More and more Anglicans are converting to Catholicism over the more liberal doctrinal practices of the Church of England. One of the main questions causing problems is the ordination of female bishops. Now, at one of the peaks of religious activity, some 900 Anglicans are preparing to convert to Catholicism.
Will the Anglican and Roman Catholic Churches merge? Pope Benedict XVI has created the Ordinariate, a special section of the Roman Catholic Church which will receive former clergy from former Anglican dioceses in England and Wales. The wave of conversions this Easter follows a first wave of 600 Anglicans who converted on Ash Wednesday, the first day of Lent and five former bishops have been ordained as Roman Catholic priests.
In the United Kingdom, there are more Roman Catholic church-goers (around one million) than Anglicans and the liberalism of the Anglican church, prevalent mainly in North America (USA and Canada) is dividing the church in the United Kingdom, while creating a furore in more conservative regions, such as in Africa.
The decision to ordain women bishops is one of the vectors seen as being more Protestant which alienates the conservative or Catholic wing of the Anglican Church.
The Ordinariate is a first step towards the Roman Catholic Church receiving the Anglicans under their wing, allowing a certain space for discipline, if not necessarily a divergence of doctrine. In this way the Ordinariate allows Anglicans to maintain their special identity within the Roman Catholic Church. It will be maintained through charity-based funding but the priests will not receive a salary.
Anglicanism
The Anglican church began with the rift between King Henry VIII and Rome (1530s) and culminated in the rejection of Papal Supremacy over the Church, freeing the Monarch from paying the tithe to Rome (a third of income) and thereby bolstering the royal treasury. While Henry VIII died a Catholic, albeit excommunicated, in the ensuing decades the English Catholic Church suffered some influences from the new Protestant movements in Europe.
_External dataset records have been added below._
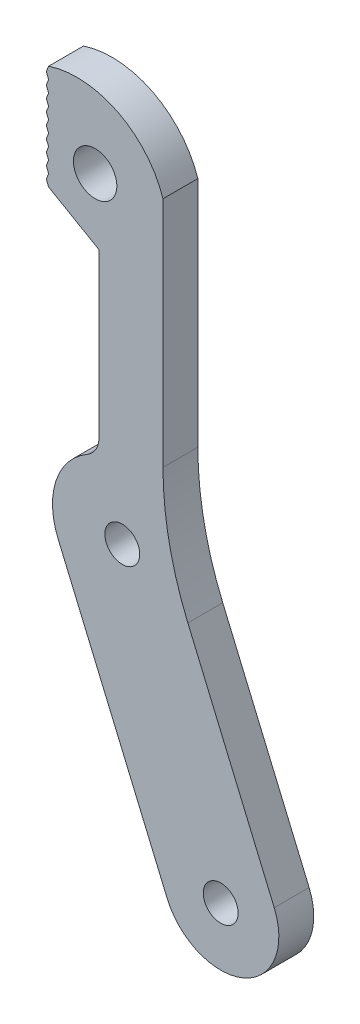
ISO-10303-21;
HEADER;
FILE_DESCRIPTION(('STEP AP214'),'2;1');
FILE_NAME('part.step','',(''),(''),'','','');
FILE_SCHEMA(('AUTOMOTIVE_DESIGN { 1 0 10303 214 1 1 1 1 }'));
ENDSEC;
DATA;
#1=APPLICATION_CONTEXT('core data for automotive mechanical design processes');
#2=APPLICATION_PROTOCOL_DEFINITION('international standard','automotive_design',2000,#1);
#3=PRODUCT_CONTEXT('',#1,'mechanical');
#4=PRODUCT('Part','Part','',(#3));
#5=PRODUCT_RELATED_PRODUCT_CATEGORY('part','',(#4));
#6=PRODUCT_DEFINITION_FORMATION('','',#4);
#7=PRODUCT_DEFINITION_CONTEXT('part definition',#1,'design');
#8=PRODUCT_DEFINITION('design','',#6,#7);
#9=PRODUCT_DEFINITION_SHAPE('','',#8);
#10=(LENGTH_UNIT() NAMED_UNIT(*) SI_UNIT(.MILLI.,.METRE.));
#11=(NAMED_UNIT(*) PLANE_ANGLE_UNIT() SI_UNIT($,.RADIAN.));
#12=(NAMED_UNIT(*) SI_UNIT($,.STERADIAN.) SOLID_ANGLE_UNIT());
#13=UNCERTAINTY_MEASURE_WITH_UNIT(LENGTH_MEASURE(1.E-05),#10,'distance_accuracy_value','');
#14=(GEOMETRIC_REPRESENTATION_CONTEXT(3) GLOBAL_UNCERTAINTY_ASSIGNED_CONTEXT((#13)) GLOBAL_UNIT_ASSIGNED_CONTEXT((#10,
#11,#12)) REPRESENTATION_CONTEXT('',''));
#15=CARTESIAN_POINT('',(0.,0.,0.));
#16=DIRECTION('',(0.,0.,1.));
#17=DIRECTION('',(1.,0.,0.));
#18=AXIS2_PLACEMENT_3D('',#15,#16,#17);
#19=CARTESIAN_POINT('',(18.0632491834591,-3.57873370652173,3.));
#20=DIRECTION('',(0.,0.,-1.));
#21=DIRECTION('',(-1.,0.,0.));
#22=AXIS2_PLACEMENT_3D('',#19,#20,#21);
#23=PLANE('',#22);
#24=CARTESIAN_POINT('',(30.4181785626427,-51.0948843433533,3.));
#25=DIRECTION('',(0.,0.,1.));
#26=DIRECTION('',(1.,0.,0.));
#27=AXIS2_PLACEMENT_3D('',#24,#25,#26);
#28=CIRCLE('',#27,1.5);
#29=CARTESIAN_POINT('',(31.9181785626427,-51.0948843433533,3.));
#30=VERTEX_POINT('',#29);
#31=EDGE_CURVE('E494',#30,#30,#28,.T.);
#32=ORIENTED_EDGE('',*,*,#31,.F.);
#33=EDGE_LOOP('',(#32));
#34=FACE_BOUND('',#33,.T.);
#35=DIRECTION('',(0.86602540378444,-0.499999999999997,0.));
#36=VECTOR('',#35,1.);
#37=CARTESIAN_POINT('',(19.9553284785627,-7.68665441141795,3.));
#38=LINE('',#37,#36);
#39=CARTESIAN_POINT('',(15.6252014596405,-5.18665441141796,3.));
#40=VERTEX_POINT('',#39);
#41=CARTESIAN_POINT('',(19.9553284785627,-7.68665441141795,3.));
#42=VERTEX_POINT('',#41);
#43=EDGE_CURVE('E304',#40,#42,#38,.T.);
#44=ORIENTED_EDGE('',*,*,#43,.T.);
#45=DIRECTION('',(0.,-1.,0.));
#46=VECTOR('',#45,1.);
#47=CARTESIAN_POINT('',(19.9553284785627,-21.6866544114179,3.));
#48=LINE('',#47,#46);
#49=CARTESIAN_POINT('',(19.9553284785627,-21.6866544114179,3.));
#50=VERTEX_POINT('',#49);
#51=EDGE_CURVE('E152',#42,#50,#48,.T.);
#52=ORIENTED_EDGE('',*,*,#51,.T.);
#53=CARTESIAN_POINT('',(17.9553284785627,-21.6866544114179,3.));
#54=DIRECTION('',(0.,0.,-1.));
#55=DIRECTION('',(-1.,0.,0.));
#56=AXIS2_PLACEMENT_3D('',#53,#54,#55);
#57=CIRCLE('',#56,2.);
#58=CARTESIAN_POINT('',(18.9561176597661,-23.418249345225,3.));
#59=VERTEX_POINT('',#58);
#60=EDGE_CURVE('E379',#50,#59,#57,.T.);
#61=ORIENTED_EDGE('',*,*,#60,.T.);
#62=CARTESIAN_POINT('',(21.9584852033763,-28.6130341466461,3.));
#63=DIRECTION('',(0.,0.,1.));
#64=DIRECTION('',(1.,0.,0.));
#65=AXIS2_PLACEMENT_3D('',#62,#63,#64);
#66=CIRCLE('',#65,6.);
#67=CARTESIAN_POINT('',(16.4357325722321,-30.9580721794271,3.));
#68=VERTEX_POINT('',#67);
#69=EDGE_CURVE('E398',#59,#68,#66,.T.);
#70=ORIENTED_EDGE('',*,*,#69,.T.);
#71=DIRECTION('',(0.390839672130157,-0.920458771857377,0.));
#72=VECTOR('',#71,1.);
#73=CARTESIAN_POINT('',(16.4357325722321,-30.9580721794271,3.));
#74=LINE('',#73,#72);
#75=CARTESIAN_POINT('',(25.8158847033558,-53.0490827040041,3.));
#76=VERTEX_POINT('',#75);
#77=EDGE_CURVE('E395',#68,#76,#74,.T.);
#78=ORIENTED_EDGE('',*,*,#77,.T.);
#79=CARTESIAN_POINT('',(30.4181785626427,-51.0948843433533,3.));
#80=DIRECTION('',(0.,0.,1.));
#81=DIRECTION('',(1.,0.,0.));
#82=AXIS2_PLACEMENT_3D('',#79,#80,#81);
#83=CIRCLE('',#82,5.);
#84=CARTESIAN_POINT('',(35.0204724219296,-49.1406859827026,3.));
#85=VERTEX_POINT('',#84);
#86=EDGE_CURVE('E397',#76,#85,#83,.T.);
#87=ORIENTED_EDGE('',*,*,#86,.T.);
#88=DIRECTION('',(-0.390839672130157,0.920458771857378,0.));
#89=VECTOR('',#88,1.);
#90=CARTESIAN_POINT('',(35.0204724219296,-49.1406859827026,3.));
#91=LINE('',#90,#89);
#92=CARTESIAN_POINT('',(27.5945186514566,-31.6519693174124,3.));
#93=VERTEX_POINT('',#92);
#94=EDGE_CURVE('E400',#85,#93,#91,.T.);
#95=ORIENTED_EDGE('',*,*,#94,.T.);
#96=CARTESIAN_POINT('',(52.3494338732919,-21.1406859827026,3.));
#97=DIRECTION('',(0.,0.,-1.));
#98=DIRECTION('',(-1.,0.,0.));
#99=AXIS2_PLACEMENT_3D('',#96,#97,#98);
#100=CIRCLE('',#99,26.8941053947292);
#101=CARTESIAN_POINT('',(25.4553284785627,-21.1406859827026,3.));
#102=VERTEX_POINT('',#101);
#103=EDGE_CURVE('E406',#93,#102,#100,.T.);
#104=ORIENTED_EDGE('',*,*,#103,.T.);
#105=DIRECTION('',(0.,1.,0.));
#106=VECTOR('',#105,1.);
#107=CARTESIAN_POINT('',(25.4553284785627,-21.1406859827026,3.));
#108=LINE('',#107,#106);
#109=CARTESIAN_POINT('',(25.4553284785627,-1.14068598270257,3.));
#110=VERTEX_POINT('',#109);
#111=EDGE_CURVE('E408',#102,#110,#108,.T.);
#112=ORIENTED_EDGE('',*,*,#111,.T.);
#113=CARTESIAN_POINT('',(18.0632491834591,-3.57873370652173,3.));
#114=DIRECTION('',(0.,0.,1.));
#115=DIRECTION('',(-1.,0.,0.));
#116=AXIS2_PLACEMENT_3D('',#113,#114,#115);
#117=CIRCLE('',#116,7.78375956776151);
#118=CARTESIAN_POINT('',(15.6252014596405,3.81334558858203,3.));
#119=VERTEX_POINT('',#118);
#120=EDGE_CURVE('E410',#110,#119,#117,.T.);
#121=ORIENTED_EDGE('',*,*,#120,.T.);
#122=DIRECTION('',(-0.37139067635417,-0.928476690885233,0.));
#123=VECTOR('',#122,1.);
#124=CARTESIAN_POINT('',(15.4252014596405,3.31334558858206,3.));
#125=LINE('',#124,#123);
#126=CARTESIAN_POINT('',(15.4252014596405,3.31334558858206,3.));
#127=VERTEX_POINT('',#126);
#128=EDGE_CURVE('E412',#119,#127,#125,.T.);
#129=ORIENTED_EDGE('',*,*,#128,.T.);
#130=DIRECTION('',(0.371390676354105,-0.928476690885259,0.));
#131=VECTOR('',#130,1.);
#132=CARTESIAN_POINT('',(15.4252014596405,3.31334558858206,3.));
#133=LINE('',#132,#131);
#134=CARTESIAN_POINT('',(15.6252014596405,2.81334558858206,3.));
#135=VERTEX_POINT('',#134);
#136=EDGE_CURVE('E414',#127,#135,#133,.T.);
#137=ORIENTED_EDGE('',*,*,#136,.T.);
#138=DIRECTION('',(-0.371390676354102,-0.92847669088526,0.));
#139=VECTOR('',#138,1.);
#140=CARTESIAN_POINT('',(15.4252014596405,2.31334558858206,3.));
#141=LINE('',#140,#139);
#142=CARTESIAN_POINT('',(15.4252014596405,2.31334558858206,3.));
#143=VERTEX_POINT('',#142);
#144=EDGE_CURVE('E416',#135,#143,#141,.T.);
#145=ORIENTED_EDGE('',*,*,#144,.T.);
#146=DIRECTION('',(0.371390676354105,-0.928476690885259,0.));
#147=VECTOR('',#146,1.);
#148=CARTESIAN_POINT('',(15.4252014596405,2.31334558858206,3.));
#149=LINE('',#148,#147);
#150=CARTESIAN_POINT('',(15.6252014596405,1.81334558858206,3.));
#151=VERTEX_POINT('',#150);
#152=EDGE_CURVE('E418',#143,#151,#149,.T.);
#153=ORIENTED_EDGE('',*,*,#152,.T.);
#154=DIRECTION('',(-0.371390676354102,-0.92847669088526,0.));
#155=VECTOR('',#154,1.);
#156=CARTESIAN_POINT('',(15.4252014596405,1.31334558858206,3.));
#157=LINE('',#156,#155);
#158=CARTESIAN_POINT('',(15.4252014596405,1.31334558858206,3.));
#159=VERTEX_POINT('',#158);
#160=EDGE_CURVE('E420',#151,#159,#157,.T.);
#161=ORIENTED_EDGE('',*,*,#160,.T.);
#162=DIRECTION('',(0.371390676354105,-0.928476690885259,0.));
#163=VECTOR('',#162,1.);
#164=CARTESIAN_POINT('',(15.4252014596405,1.31334558858206,3.));
#165=LINE('',#164,#163);
#166=CARTESIAN_POINT('',(15.6252014596405,0.813345588582054,3.));
#167=VERTEX_POINT('',#166);
#168=EDGE_CURVE('E422',#159,#167,#165,.T.);
#169=ORIENTED_EDGE('',*,*,#168,.T.);
#170=DIRECTION('',(-0.371390676354102,-0.92847669088526,0.));
#171=VECTOR('',#170,1.);
#172=CARTESIAN_POINT('',(15.4252014596405,0.313345588582054,3.));
#173=LINE('',#172,#171);
#174=CARTESIAN_POINT('',(15.4252014596405,0.313345588582054,3.));
#175=VERTEX_POINT('',#174);
#176=EDGE_CURVE('E424',#167,#175,#173,.T.);
#177=ORIENTED_EDGE('',*,*,#176,.T.);
#178=DIRECTION('',(0.371390676354105,-0.928476690885259,0.));
#179=VECTOR('',#178,1.);
#180=CARTESIAN_POINT('',(15.4252014596405,0.313345588582054,3.));
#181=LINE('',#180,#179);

However the Anglican Church was always careful to offer a via media (and increasingly, a modus operandi based more upon the congregation) between the radical and liberal elements in Protestantism and the more conservative tenets of Catholicism. As this via media spread around the British Empire, over time, the pressures and practices endemic in local communities started to influence the discipline, if not the doctrine, practiced in Mass.
Today, the Anglican Church is at breaking point, whereby what is acceptable in more liberal communities is perceived as heresy by more conservative congregations. The United Kingdom finds itself somewhere in the middle. Hence the wave of conversions this Easter and the tremendous debate and dialogue within the Anglican Church today.